Information provided:
= = = = = = =

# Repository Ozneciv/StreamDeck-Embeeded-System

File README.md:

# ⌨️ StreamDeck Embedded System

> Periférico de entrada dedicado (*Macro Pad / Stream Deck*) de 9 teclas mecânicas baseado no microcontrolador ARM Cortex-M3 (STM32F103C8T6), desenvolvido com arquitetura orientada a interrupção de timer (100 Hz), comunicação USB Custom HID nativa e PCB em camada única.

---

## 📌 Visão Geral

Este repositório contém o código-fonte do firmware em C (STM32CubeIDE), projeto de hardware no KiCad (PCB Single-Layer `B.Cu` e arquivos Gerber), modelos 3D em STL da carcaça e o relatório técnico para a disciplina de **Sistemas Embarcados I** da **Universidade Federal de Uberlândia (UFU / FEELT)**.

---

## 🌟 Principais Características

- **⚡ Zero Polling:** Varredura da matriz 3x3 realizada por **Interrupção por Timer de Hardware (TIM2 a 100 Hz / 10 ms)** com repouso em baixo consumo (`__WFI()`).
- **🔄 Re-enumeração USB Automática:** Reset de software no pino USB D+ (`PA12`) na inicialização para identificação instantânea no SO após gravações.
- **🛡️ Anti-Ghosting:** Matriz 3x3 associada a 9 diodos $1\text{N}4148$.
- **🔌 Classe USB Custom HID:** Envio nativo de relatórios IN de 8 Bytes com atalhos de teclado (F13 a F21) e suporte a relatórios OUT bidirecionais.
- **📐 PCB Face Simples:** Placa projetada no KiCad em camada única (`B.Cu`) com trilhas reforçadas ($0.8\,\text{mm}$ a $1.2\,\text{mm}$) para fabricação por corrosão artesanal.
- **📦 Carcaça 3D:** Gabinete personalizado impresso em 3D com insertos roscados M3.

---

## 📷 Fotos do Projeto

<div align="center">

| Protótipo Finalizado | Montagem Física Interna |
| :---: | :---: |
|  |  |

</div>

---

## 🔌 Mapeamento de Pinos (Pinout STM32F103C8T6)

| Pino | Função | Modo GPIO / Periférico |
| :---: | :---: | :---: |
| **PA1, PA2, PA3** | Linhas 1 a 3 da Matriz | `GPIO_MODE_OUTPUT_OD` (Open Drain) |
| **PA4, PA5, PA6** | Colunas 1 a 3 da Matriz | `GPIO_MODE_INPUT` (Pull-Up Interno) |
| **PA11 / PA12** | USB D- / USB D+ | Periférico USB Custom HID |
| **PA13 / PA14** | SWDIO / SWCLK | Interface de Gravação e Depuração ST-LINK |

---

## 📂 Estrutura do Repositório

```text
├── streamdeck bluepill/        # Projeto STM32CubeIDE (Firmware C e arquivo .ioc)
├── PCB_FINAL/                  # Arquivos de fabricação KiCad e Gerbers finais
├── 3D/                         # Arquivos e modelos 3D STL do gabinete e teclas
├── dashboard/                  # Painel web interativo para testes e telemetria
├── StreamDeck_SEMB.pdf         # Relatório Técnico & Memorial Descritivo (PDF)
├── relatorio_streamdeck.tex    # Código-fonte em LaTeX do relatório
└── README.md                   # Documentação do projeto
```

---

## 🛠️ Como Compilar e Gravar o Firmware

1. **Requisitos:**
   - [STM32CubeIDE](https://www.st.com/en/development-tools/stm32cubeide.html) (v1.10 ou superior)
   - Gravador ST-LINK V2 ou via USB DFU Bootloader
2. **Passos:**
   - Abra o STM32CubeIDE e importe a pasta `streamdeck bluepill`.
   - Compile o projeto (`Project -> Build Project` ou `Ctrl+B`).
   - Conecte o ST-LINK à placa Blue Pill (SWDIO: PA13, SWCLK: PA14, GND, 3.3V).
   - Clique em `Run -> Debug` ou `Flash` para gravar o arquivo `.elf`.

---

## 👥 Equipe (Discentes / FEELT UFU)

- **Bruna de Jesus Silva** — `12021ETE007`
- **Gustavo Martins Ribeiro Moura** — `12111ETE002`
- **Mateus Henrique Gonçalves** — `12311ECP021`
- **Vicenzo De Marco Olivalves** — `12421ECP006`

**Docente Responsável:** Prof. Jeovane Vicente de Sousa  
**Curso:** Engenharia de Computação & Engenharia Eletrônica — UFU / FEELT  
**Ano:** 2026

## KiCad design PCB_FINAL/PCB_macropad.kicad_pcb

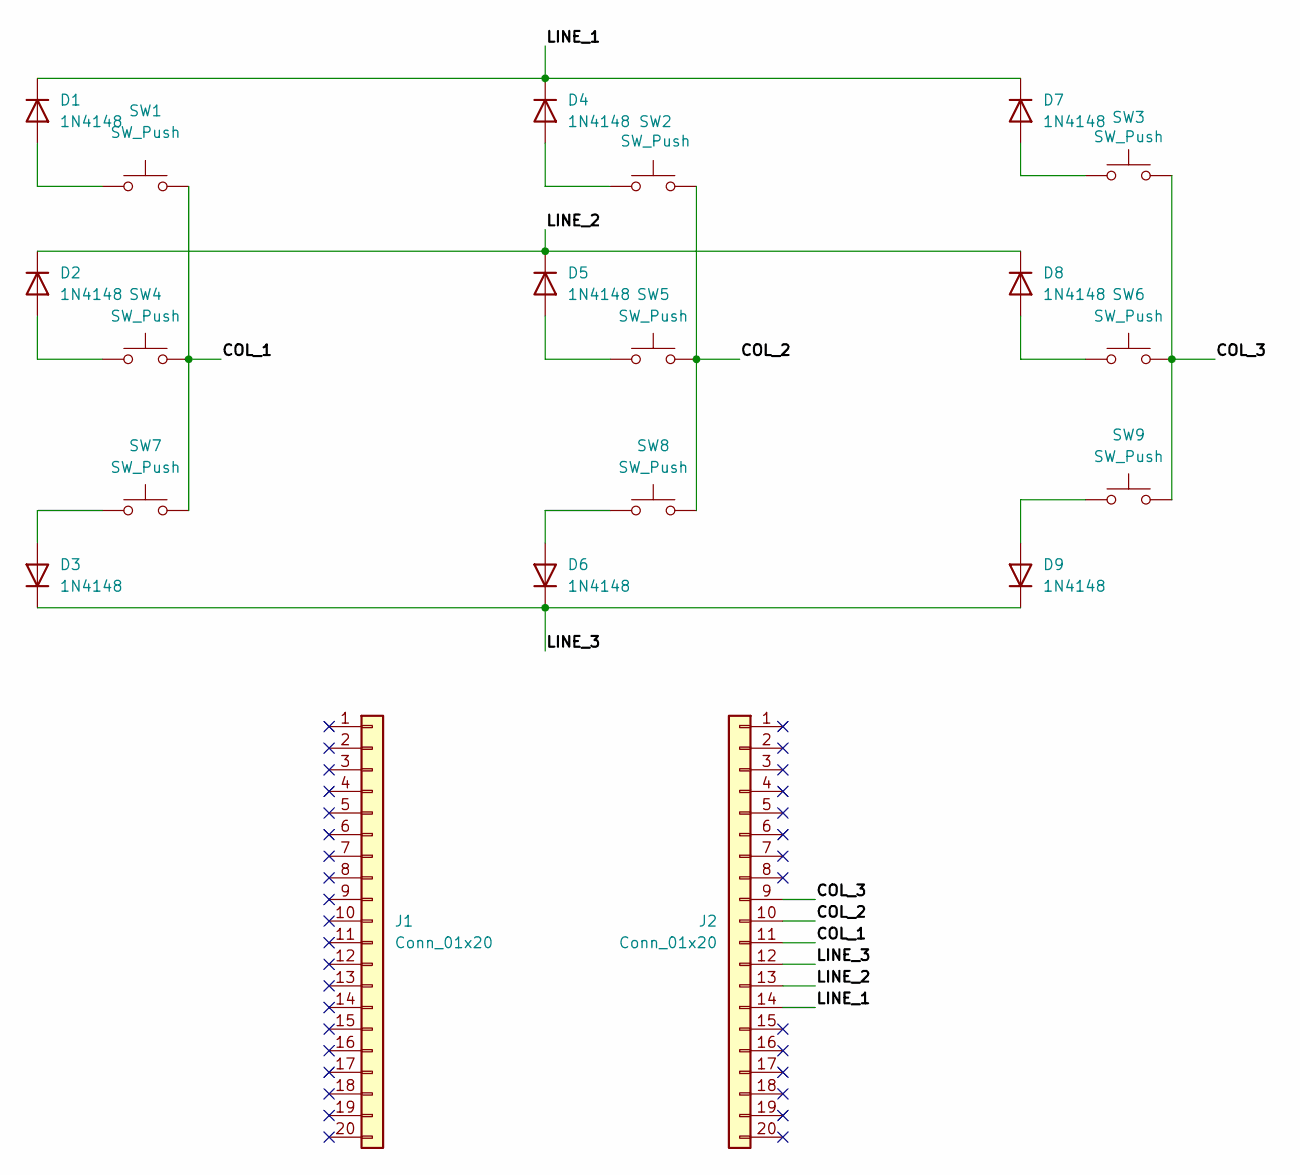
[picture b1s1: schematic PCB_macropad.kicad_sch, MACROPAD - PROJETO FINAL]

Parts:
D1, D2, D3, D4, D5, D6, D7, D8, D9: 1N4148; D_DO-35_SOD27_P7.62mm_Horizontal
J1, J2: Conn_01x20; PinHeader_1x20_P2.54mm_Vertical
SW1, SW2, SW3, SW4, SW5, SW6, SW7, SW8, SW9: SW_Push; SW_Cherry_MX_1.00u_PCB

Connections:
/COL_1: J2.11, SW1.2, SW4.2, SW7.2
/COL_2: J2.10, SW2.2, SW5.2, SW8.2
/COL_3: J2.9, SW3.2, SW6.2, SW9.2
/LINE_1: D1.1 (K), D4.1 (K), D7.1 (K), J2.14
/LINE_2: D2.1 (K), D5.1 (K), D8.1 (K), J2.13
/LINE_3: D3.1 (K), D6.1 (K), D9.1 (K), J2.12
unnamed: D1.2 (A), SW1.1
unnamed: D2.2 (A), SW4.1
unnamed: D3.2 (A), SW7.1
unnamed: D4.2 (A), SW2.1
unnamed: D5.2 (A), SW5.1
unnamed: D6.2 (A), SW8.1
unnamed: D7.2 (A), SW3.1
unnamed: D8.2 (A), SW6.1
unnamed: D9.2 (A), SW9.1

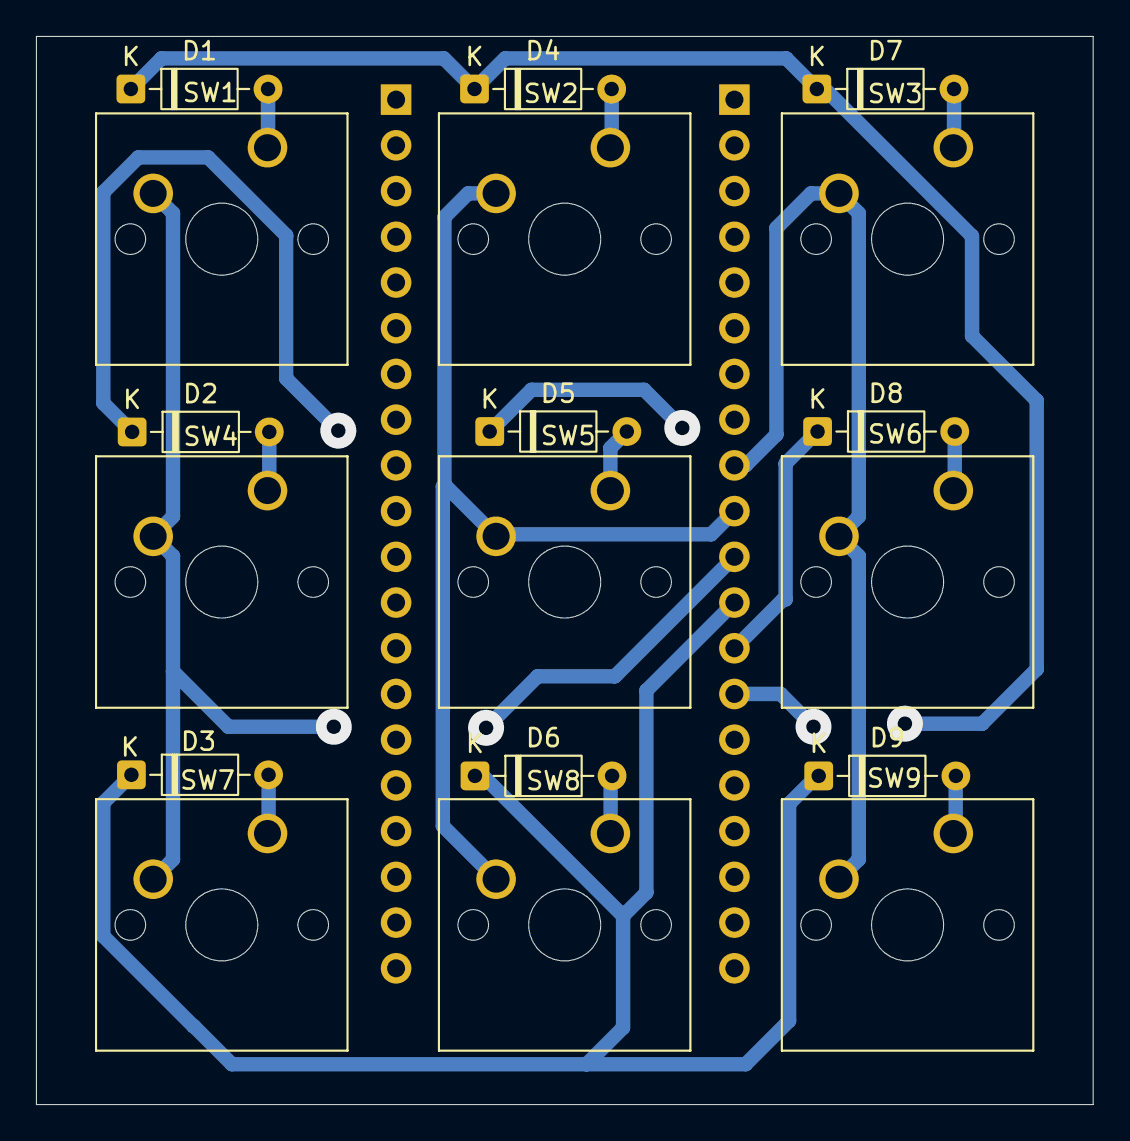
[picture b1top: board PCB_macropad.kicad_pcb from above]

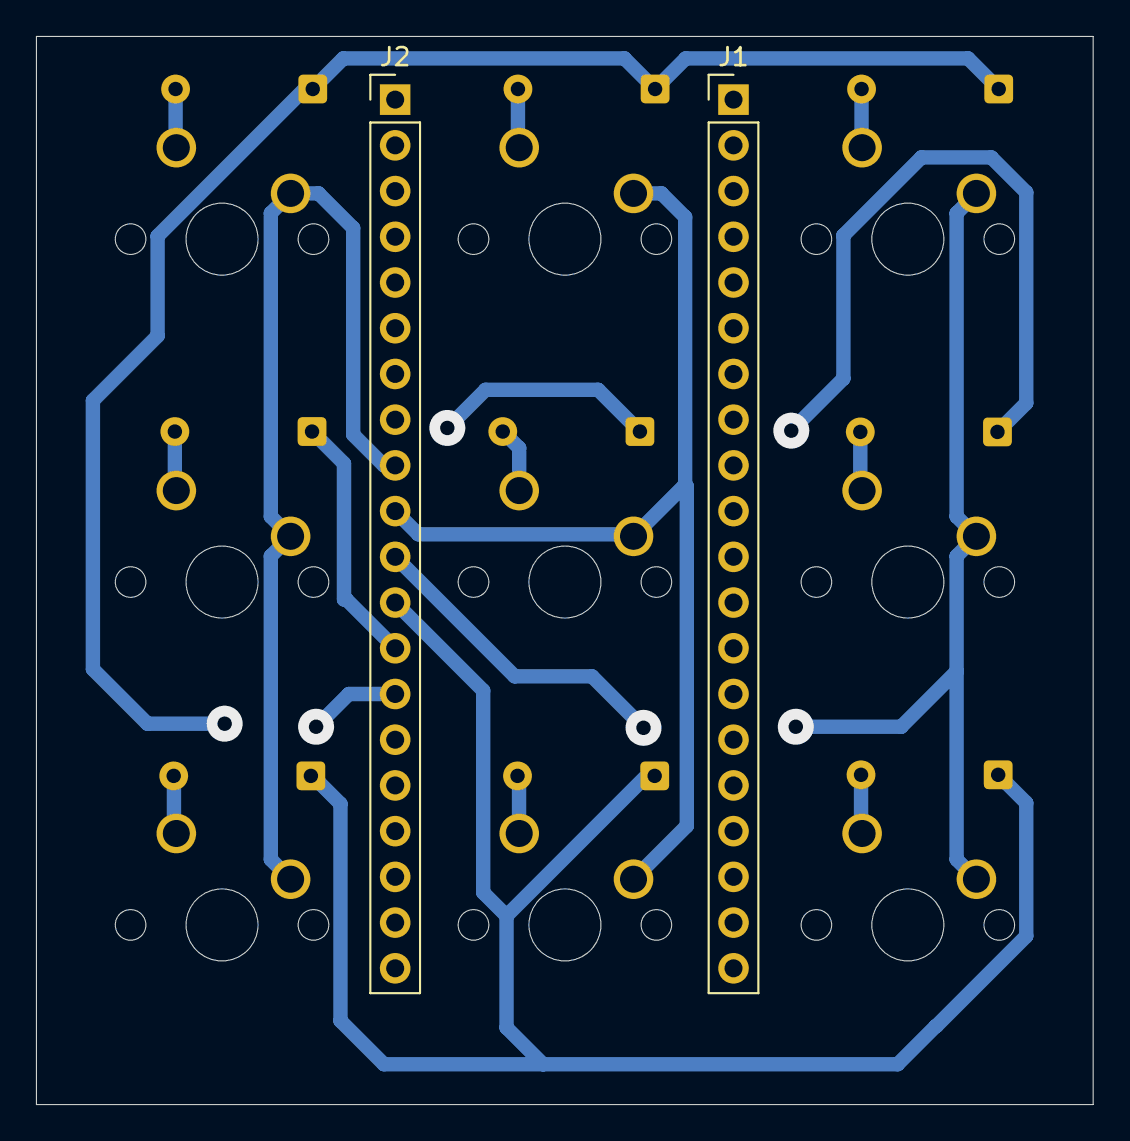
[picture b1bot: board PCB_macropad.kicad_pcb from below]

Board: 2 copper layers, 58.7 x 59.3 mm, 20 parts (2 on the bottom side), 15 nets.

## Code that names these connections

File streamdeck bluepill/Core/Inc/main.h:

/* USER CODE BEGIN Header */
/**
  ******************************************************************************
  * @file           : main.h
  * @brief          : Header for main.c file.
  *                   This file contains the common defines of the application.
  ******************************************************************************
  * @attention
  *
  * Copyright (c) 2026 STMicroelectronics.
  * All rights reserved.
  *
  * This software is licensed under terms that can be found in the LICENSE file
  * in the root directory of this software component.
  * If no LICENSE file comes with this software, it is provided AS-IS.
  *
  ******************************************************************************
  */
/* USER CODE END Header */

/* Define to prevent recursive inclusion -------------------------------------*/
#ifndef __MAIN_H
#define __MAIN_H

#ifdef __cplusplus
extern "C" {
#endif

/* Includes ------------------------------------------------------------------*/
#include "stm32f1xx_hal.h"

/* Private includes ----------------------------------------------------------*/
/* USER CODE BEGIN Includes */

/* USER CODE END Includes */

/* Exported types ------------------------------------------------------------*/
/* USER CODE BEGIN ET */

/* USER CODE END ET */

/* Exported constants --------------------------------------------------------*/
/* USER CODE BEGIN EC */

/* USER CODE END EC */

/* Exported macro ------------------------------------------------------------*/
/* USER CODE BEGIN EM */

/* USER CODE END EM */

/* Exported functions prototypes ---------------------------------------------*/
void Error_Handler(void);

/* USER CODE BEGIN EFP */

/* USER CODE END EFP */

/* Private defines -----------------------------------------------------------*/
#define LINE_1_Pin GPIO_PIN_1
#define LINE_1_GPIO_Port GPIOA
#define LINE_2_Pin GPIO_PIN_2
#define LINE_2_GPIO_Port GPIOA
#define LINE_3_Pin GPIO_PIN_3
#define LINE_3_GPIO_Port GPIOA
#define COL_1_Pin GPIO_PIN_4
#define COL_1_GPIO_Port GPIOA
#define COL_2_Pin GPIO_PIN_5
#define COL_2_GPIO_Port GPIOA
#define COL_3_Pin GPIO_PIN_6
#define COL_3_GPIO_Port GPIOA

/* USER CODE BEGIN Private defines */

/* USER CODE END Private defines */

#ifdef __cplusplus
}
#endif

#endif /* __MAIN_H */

= = = = = = =

What you should do: Nothing but the lines from the one containing "CODE END ET */" to the end of the material should be printed, each exactly as written.

Answer below:
/* USER CODE END ET */

/* Exported constants --------------------------------------------------------*/
/* USER CODE BEGIN EC */

/* USER CODE END EC */

/* Exported macro ------------------------------------------------------------*/
/* USER CODE BEGIN EM */

/* USER CODE END EM */

/* Exported functions prototypes ---------------------------------------------*/
void Error_Handler(void);

/* USER CODE BEGIN EFP */

/* USER CODE END EFP */

/* Private defines -----------------------------------------------------------*/
#define LINE_1_Pin GPIO_PIN_1
#define LINE_1_GPIO_Port GPIOA
#define LINE_2_Pin GPIO_PIN_2
#define LINE_2_GPIO_Port GPIOA
#define LINE_3_Pin GPIO_PIN_3
#define LINE_3_GPIO_Port GPIOA
#define COL_1_Pin GPIO_PIN_4
#define COL_1_GPIO_Port GPIOA
#define COL_2_Pin GPIO_PIN_5
#define COL_2_GPIO_Port GPIOA
#define COL_3_Pin GPIO_PIN_6
#define COL_3_GPIO_Port GPIOA

/* USER CODE BEGIN Private defines */

/* USER CODE END Private defines */

#ifdef __cplusplus
}
#endif

#endif /* __MAIN_H */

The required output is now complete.